* Work required:
Nothing but the pictures should be dropped when the records are transcribed word for word.

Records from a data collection
Content starts

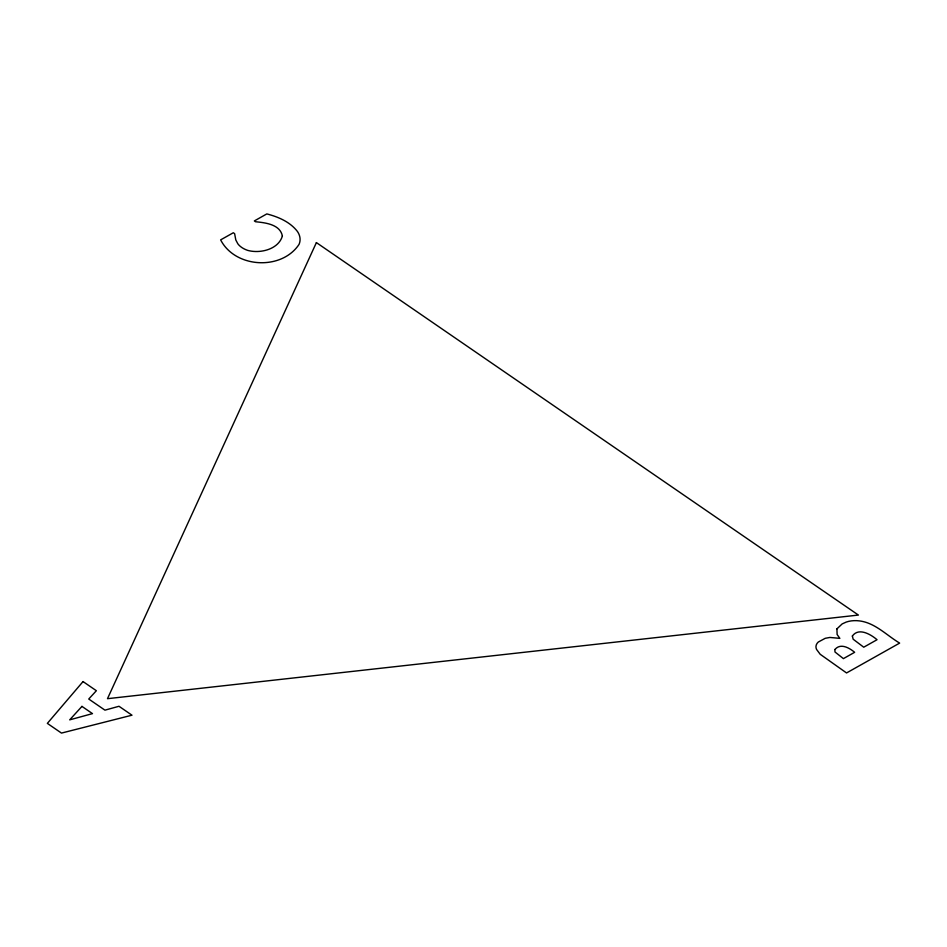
<?xml version="1.0" encoding="UTF-8"?>
<svg xmlns="http://www.w3.org/2000/svg" width="947" height="947" viewBox="0 0 947 947"><rect width="100%" height="100%" fill="white"/><g stroke="black" fill="none" stroke-linecap="round" stroke-linejoin="round"><path stroke-width="1.42" d="M852.359 636.041L853.164 639.213L863.735 647.203L877.04 639.722C870.873 634.431 858.704 627.151 852.359 636.041M282.372 236.052C278.406 249.511 259.94 253.867 247.581 250.351A20.775 12.927 4.1 0 1 237.827 243.781L235.803 239.958L234.619 233.66L233.305 232.761L220.639 239.875C235.14 268.202 281.579 270.783 299.063 244.362A31.5 19.603 4.1 0 0 297.465 231.518C290.054 221.858 278.311 216.887 266.817 213.915L254.341 220.935L255.512 221.74C265.267 222.723 280.146 224.309 282.372 236.052M836.911 628.891L837.124 634.514L839.847 638.361L829.903 637.449L825.239 638.302L818.279 642.042A14.252 8.866 4.1 0 0 816.574 649.453L820.197 654.282L846.547 672.95L899.65 643.096C886.629 635.366 875.194 622.842 859.438 620.901A19.792 12.323 4.1 0 0 846.251 622.061L842.167 623.907L836.911 628.891M834.923 649.5L834.958 651.962L843.41 658.627L854.644 652.305C849.412 647.926 840.534 642.753 834.923 649.5M316.393 242.598L107.484 698.685L858.408 615.065L316.393 242.598M83.04 681.568L47.35 723.378L61.472 733.085L131.976 715.198L119.002 706.273L104.939 710.155L88.746 699.028L96.369 690.718L83.04 681.568M81.951 706.391L69.699 719.85L92.475 713.624L81.951 706.391"/></g></svg>
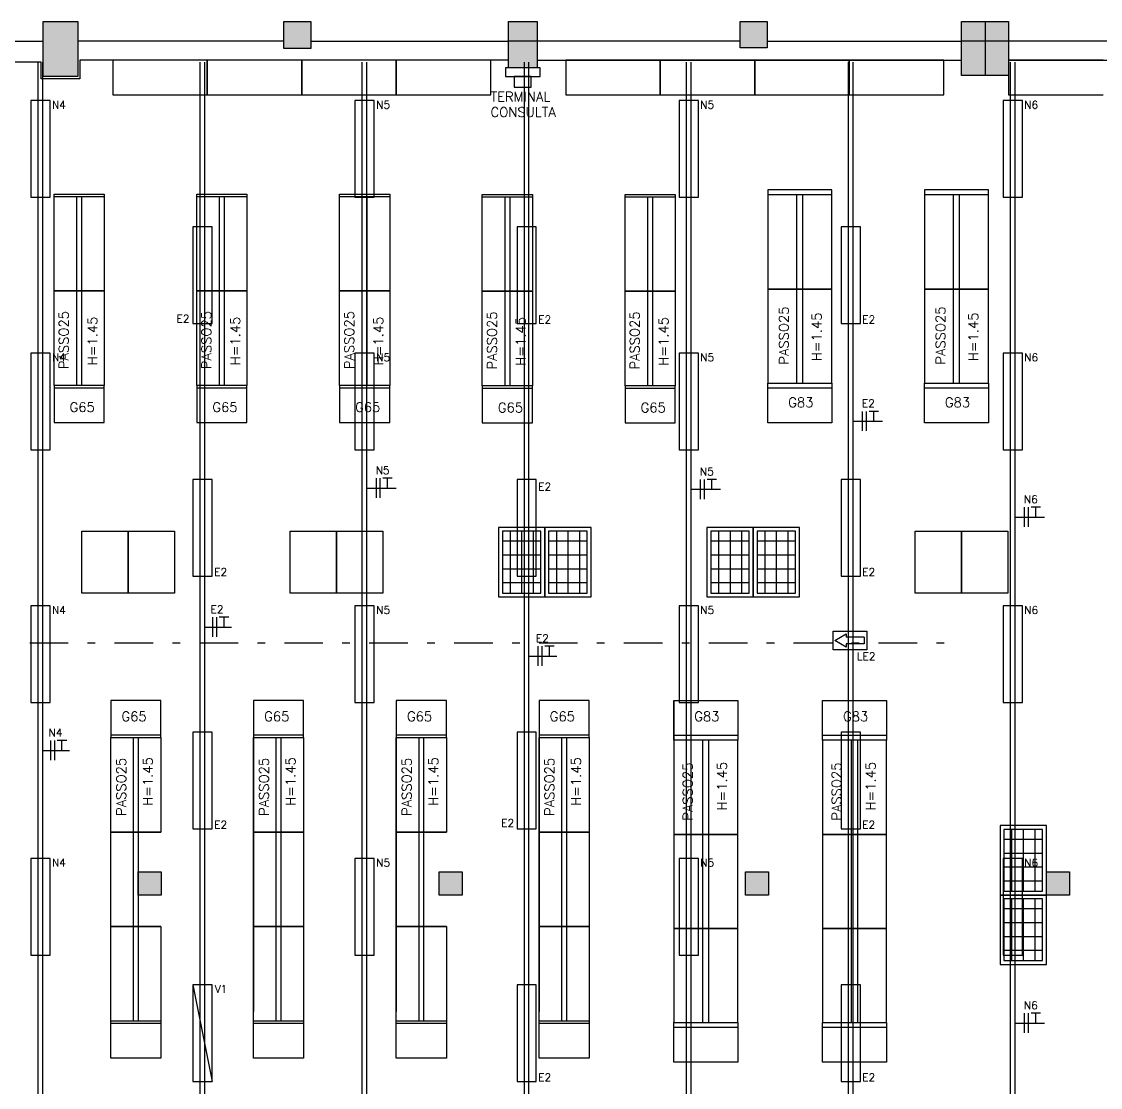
# Model space of a CAD drawing. Header units: metres. Extents: x -367 to 368, y -238 to 226.
# Drawn here: x 213.99 to 227.97, y 208.86 to 222.67 of the extents above; entities that cross this region are included whole.
import ezdxf
from ezdxf.enums import TextEntityAlignment as Align

# ---------------------------------------------------------------- set-up
doc = ezdxf.new("R2010")
doc.units = ezdxf.units.M
doc.linetypes.add('CONTINOUS', pattern=[0])
doc.linetypes.add('LA_BAU_MERC_R01$0$DASHDOT', pattern=[1, 0.5, -0.25, 0, -0.25])
for name, color, linetype in [('A-SIMBELET', 10, 'Continuous'), ('ELE-ELÉTRICA', 160, 'Continuous'), ('INCENDIO', 10, 'CONTINOUS'), ('LA_BAU_BASES GERAIS_R00$0$base', 253, 'Continuous'), ('LA_BAU_LUM TÉRREO_R02$0$ARQ-HAC-251', 251, 'Continuous'), ('LA_BAU_LUM TÉRREO_R02$0$ARQ-LUM', 2, 'Continuous'), ('LA_BAU_MERC_R01$0$ARQ-MOB', 8, 'Continuous')]:
    doc.layers.add(name, color=color, linetype=linetype)
doc.styles.add('LA_BAU_BASES GERAIS_R00$0$LA_BAU_MERC_R01$0$R40-125-RS', font='romans.shx', dxfattribs={"height": 0.1248})
doc.styles.add('LA_BAU_BASES GERAIS_R00$0$LA_BAU_MERC_R01$0$RS80', font='ROMANS', dxfattribs={"height": 0.18})
doc.styles.add('LA_BAU_BASES GERAIS_R00$0$R60-125-RS', font='romans.shx', dxfattribs={"height": 0.19})
doc.styles.add('LA_BAU_BASES GERAIS_R00$0$R80-100-RS', font='romans.shx', dxfattribs={"height": 0.203})
doc.styles.get("Standard").update_dxf_attribs({"font": 'romans.shx'})

# ---------------------------------------------------------------- blocks, each defined once
blk = doc.blocks.new('LA_BAU_BASES GERAIS_R00$0$LA_BAU_ALVENARIA TÉRREO_R01')
at = {"layer": 'LA_BAU_BASES GERAIS_R00$0$base', "linetype": 'Continuous'}
h = blk.add_hatch(color=256, dxfattribs=at)
h.dxf.hatch_style = 1
h.paths.add_polyline_path([(214.72, 222.67), (214.27, 222.67), (214.27, 221.96), (214.72, 221.96)])
h = blk.add_hatch(color=256, dxfattribs=at)
h.dxf.hatch_style = 1
h.paths.add_polyline_path([(217.74, 222.67), (217.39, 222.67), (217.39, 222.32), (217.74, 222.32)])
h = blk.add_hatch(color=256, dxfattribs=at)
h.dxf.hatch_style = 1
h.paths.add_polyline_path([(220.67, 222.67), (220.3, 222.67), (220.3, 222.42), (220.67, 222.42)])
h = blk.add_hatch(color=256, dxfattribs=at)
h.dxf.hatch_style = 1
h.paths.add_polyline_path([(223.65, 222.67), (223.3, 222.67), (223.3, 222.33), (223.65, 222.33)])
h = blk.add_hatch(color=256, dxfattribs=at)
h.dxf.hatch_style = 1
h.paths.add_polyline_path([(226.475, 222.67), (226.17, 222.67), (226.17, 222.42), (226.475, 222.42)])
h = blk.add_hatch(color=256, dxfattribs=at)
h.dxf.hatch_style = 1
h.paths.add_polyline_path([(226.78, 222.67), (226.475, 222.67), (226.475, 222.42), (226.78, 222.42)])
h = blk.add_hatch(color=256, dxfattribs=at)
h.dxf.hatch_style = 1
h.paths.add_polyline_path([(220.67, 222.42), (220.3, 222.42), (220.3, 222.07), (220.67, 222.07)])
h = blk.add_hatch(color=256, dxfattribs=at)
h.dxf.hatch_style = 1
h.paths.add_polyline_path([(226.475, 222.42), (226.17, 222.42), (226.17, 221.97), (226.475, 221.97)])
h = blk.add_hatch(color=256, dxfattribs=at)
h.dxf.hatch_style = 1
h.paths.add_polyline_path([(226.78, 222.42), (226.475, 222.42), (226.475, 221.97), (226.78, 221.97)])
h = blk.add_hatch(color=256, dxfattribs=at)
h.dxf.hatch_style = 1
h.paths.add_polyline_path([(215.8, 211.65), (215.5, 211.65), (215.5, 211.35), (215.8, 211.35)])
h = blk.add_hatch(color=256, dxfattribs=at)
h.dxf.hatch_style = 1
h.paths.add_polyline_path([(219.7, 211.65), (219.4, 211.65), (219.4, 211.35), (219.7, 211.35)])
h = blk.add_hatch(color=256, dxfattribs=at)
h.dxf.hatch_style = 1
h.paths.add_polyline_path([(223.67, 211.65), (223.37, 211.65), (223.37, 211.35), (223.67, 211.35)])
h = blk.add_hatch(color=256, dxfattribs=at)
h.dxf.hatch_style = 1
h.paths.add_polyline_path([(227.57, 211.65), (227.27, 211.65), (227.27, 211.35), (227.57, 211.35)])
for p, q in [((220.3, 222.67), (220.67, 222.67)), ((220.3, 222.07), (220.3, 222.67)), ((220.67, 222.67), (220.67, 222.07)), ((226.17, 222.67), (226.78, 222.67)), ((226.17, 221.97), (226.17, 222.67)), ((226.475, 222.67), (226.475, 221.97)), ((226.78, 222.67), (226.78, 221.97)), ((211.75, 222.415), (214.27, 222.415)), ((217.39, 222.415), (214.72, 222.415)), ((217.74, 222.415), (220.3, 222.415)), ((220.3, 222.42), (220.67, 222.42)), ((223.3, 222.415), (220.67, 222.415)), ((223.65, 222.415), (226.17, 222.415)), ((226.17, 222.42), (226.78, 222.42)), ((229.41, 222.415), (226.78, 222.415)), ((220.67, 222.17), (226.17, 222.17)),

Content ends

* Solution to the exercise:
<?xml version="1.0" encoding="UTF-8"?>
<svg xmlns="http://www.w3.org/2000/svg" width="947" height="947" viewBox="0 0 947 947"><rect width="100%" height="100%" fill="white"/><g stroke="black" fill="none" stroke-linecap="round" stroke-linejoin="round"><path stroke-width="1.42" d="M852.359 636.041L853.164 639.213L863.735 647.203L877.04 639.722C870.873 634.431 858.704 627.151 852.359 636.041M282.372 236.052C278.406 249.511 259.94 253.867 247.581 250.351A20.775 12.927 4.1 0 1 237.827 243.781L235.803 239.958L234.619 233.66L233.305 232.761L220.639 239.875C235.14 268.202 281.579 270.783 299.063 244.362A31.5 19.603 4.1 0 0 297.465 231.518C290.054 221.858 278.311 216.887 266.817 213.915L254.341 220.935L255.512 221.74C265.267 222.723 280.146 224.309 282.372 236.052M836.911 628.891L837.124 634.514L839.847 638.361L829.903 637.449L825.239 638.302L818.279 642.042A14.252 8.866 4.1 0 0 816.574 649.453L820.197 654.282L846.547 672.95L899.65 643.096C886.629 635.366 875.194 622.842 859.438 620.901A19.792 12.323 4.1 0 0 846.251 622.061L842.167 623.907L836.911 628.891M834.923 649.5L834.958 651.962L843.41 658.627L854.644 652.305C849.412 647.926 840.534 642.753 834.923 649.5M316.393 242.598L107.484 698.685L858.408 615.065L316.393 242.598M83.04 681.568L47.35 723.378L61.472 733.085L131.976 715.198L119.002 706.273L104.939 710.155L88.746 699.028L96.369 690.718L83.04 681.568M81.951 706.391L69.699 719.85L92.475 713.624L81.951 706.391"/></g></svg>
# Model space of a CAD drawing. Header units: metres. Extents: x -367 to 368, y -238 to 226.
# Drawn here: x 213.99 to 227.97, y 208.86 to 222.67 of the extents above; entities that cross this region are included whole.
import ezdxf
from ezdxf.enums import TextEntityAlignment as Align

# ---------------------------------------------------------------- set-up
doc = ezdxf.new("R2010")
doc.units = ezdxf.units.M
doc.linetypes.add('CONTINOUS', pattern=[0])
doc.linetypes.add('LA_BAU_MERC_R01$0$DASHDOT', pattern=[1, 0.5, -0.25, 0, -0.25])
for name, color, linetype in [('A-SIMBELET', 10, 'Continuous'), ('ELE-ELÉTRICA', 160, 'Continuous'), ('INCENDIO', 10, 'CONTINOUS'), ('LA_BAU_BASES GERAIS_R00$0$base', 253, 'Continuous'), ('LA_BAU_LUM TÉRREO_R02$0$ARQ-HAC-251', 251, 'Continuous'), ('LA_BAU_LUM TÉRREO_R02$0$ARQ-LUM', 2, 'Continuous'), ('LA_BAU_MERC_R01$0$ARQ-MOB', 8, 'Continuous')]:
    doc.layers.add(name, color=color, linetype=linetype)
doc.styles.add('LA_BAU_BASES GERAIS_R00$0$LA_BAU_MERC_R01$0$R40-125-RS', font='romans.shx', dxfattribs={"height": 0.1248})
doc.styles.add('LA_BAU_BASES GERAIS_R00$0$LA_BAU_MERC_R01$0$RS80', font='ROMANS', dxfattribs={"height": 0.18})
doc.styles.add('LA_BAU_BASES GERAIS_R00$0$R60-125-RS', font='romans.shx', dxfattribs={"height": 0.19})
doc.styles.add('LA_BAU_BASES GERAIS_R00$0$R80-100-RS', font='romans.shx', dxfattribs={"height": 0.203})
doc.styles.get("Standard").update_dxf_attribs({"font": 'romans.shx'})

# ---------------------------------------------------------------- blocks, each defined once
blk = doc.blocks.new('LA_BAU_BASES GERAIS_R00$0$LA_BAU_ALVENARIA TÉRREO_R01')
at = {"layer": 'LA_BAU_BASES GERAIS_R00$0$base', "linetype": 'Continuous'}
h = blk.add_hatch(color=256, dxfattribs=at)
h.dxf.hatch_style = 1
h.paths.add_polyline_path([(214.72, 222.67), (214.27, 222.67), (214.27, 221.96), (214.72, 221.96)])
h = blk.add_hatch(color=256, dxfattribs=at)
h.dxf.hatch_style = 1
h.paths.add_polyline_path([(217.74, 222.67), (217.39, 222.67), (217.39, 222.32), (217.74, 222.32)])
h = blk.add_hatch(color=256, dxfattribs=at)
h.dxf.hatch_style = 1
h.paths.add_polyline_path([(220.67, 222.67), (220.3, 222.67), (220.3, 222.42), (220.67, 222.42)])
h = blk.add_hatch(color=256, dxfattribs=at)
h.dxf.hatch_style = 1
h.paths.add_polyline_path([(223.65, 222.67), (223.3, 222.67), (223.3, 222.33), (223.65, 222.33)])
h = blk.add_hatch(color=256, dxfattribs=at)
h.dxf.hatch_style = 1
h.paths.add_polyline_path([(226.475, 222.67), (226.17, 222.67), (226.17, 222.42), (226.475, 222.42)])
h = blk.add_hatch(color=256, dxfattribs=at)
h.dxf.hatch_style = 1
h.paths.add_polyline_path([(226.78, 222.67), (226.475, 222.67), (226.475, 222.42), (226.78, 222.42)])
h = blk.add_hatch(color=256, dxfattribs=at)
h.dxf.hatch_style = 1
h.paths.add_polyline_path([(220.67, 222.42), (220.3, 222.42), (220.3, 222.07), (220.67, 222.07)])
h = blk.add_hatch(color=256, dxfattribs=at)
h.dxf.hatch_style = 1
h.paths.add_polyline_path([(226.475, 222.42), (226.17, 222.42), (226.17, 221.97), (226.475, 221.97)])
h = blk.add_hatch(color=256, dxfattribs=at)
h.dxf.hatch_style = 1
h.paths.add_polyline_path([(226.78, 222.42), (226.475, 222.42), (226.475, 221.97), (226.78, 221.97)])
h = blk.add_hatch(color=256, dxfattribs=at)
h.dxf.hatch_style = 1
h.paths.add_polyline_path([(215.8, 211.65), (215.5, 211.65), (215.5, 211.35), (215.8, 211.35)])
h = blk.add_hatch(color=256, dxfattribs=at)
h.dxf.hatch_style = 1
h.paths.add_polyline_path([(219.7, 211.65), (219.4, 211.65), (219.4, 211.35), (219.7, 211.35)])
h = blk.add_hatch(color=256, dxfattribs=at)
h.dxf.hatch_style = 1
h.paths.add_polyline_path([(223.67, 211.65), (223.37, 211.65), (223.37, 211.35), (223.67, 211.35)])
h = blk.add_hatch(color=256, dxfattribs=at)
h.dxf.hatch_style = 1
h.paths.add_polyline_path([(227.57, 211.65), (227.27, 211.65), (227.27, 211.35), (227.57, 211.35)])
for p, q in [((220.3, 222.67), (220.67, 222.67)), ((220.3, 222.07), (220.3, 222.67)), ((220.67, 222.67), (220.67, 222.07)), ((226.17, 222.67), (226.78, 222.67)), ((226.17, 221.97), (226.17, 222.67)), ((226.475, 222.67), (226.475, 221.97)), ((226.78, 222.67), (226.78, 221.97)), ((211.75, 222.415), (214.27, 222.415)), ((217.39, 222.415), (214.72, 222.415)), ((217.74, 222.415), (220.3, 222.415)), ((220.3, 222.42), (220.67, 222.42)), ((223.3, 222.415), (220.67, 222.415)), ((223.65, 222.415), (226.17, 222.415)), ((226.17, 222.42), (226.78, 222.42)), ((229.41, 222.415), (226.78, 222.415)), ((220.67, 222.17), (226.17, 222.17)),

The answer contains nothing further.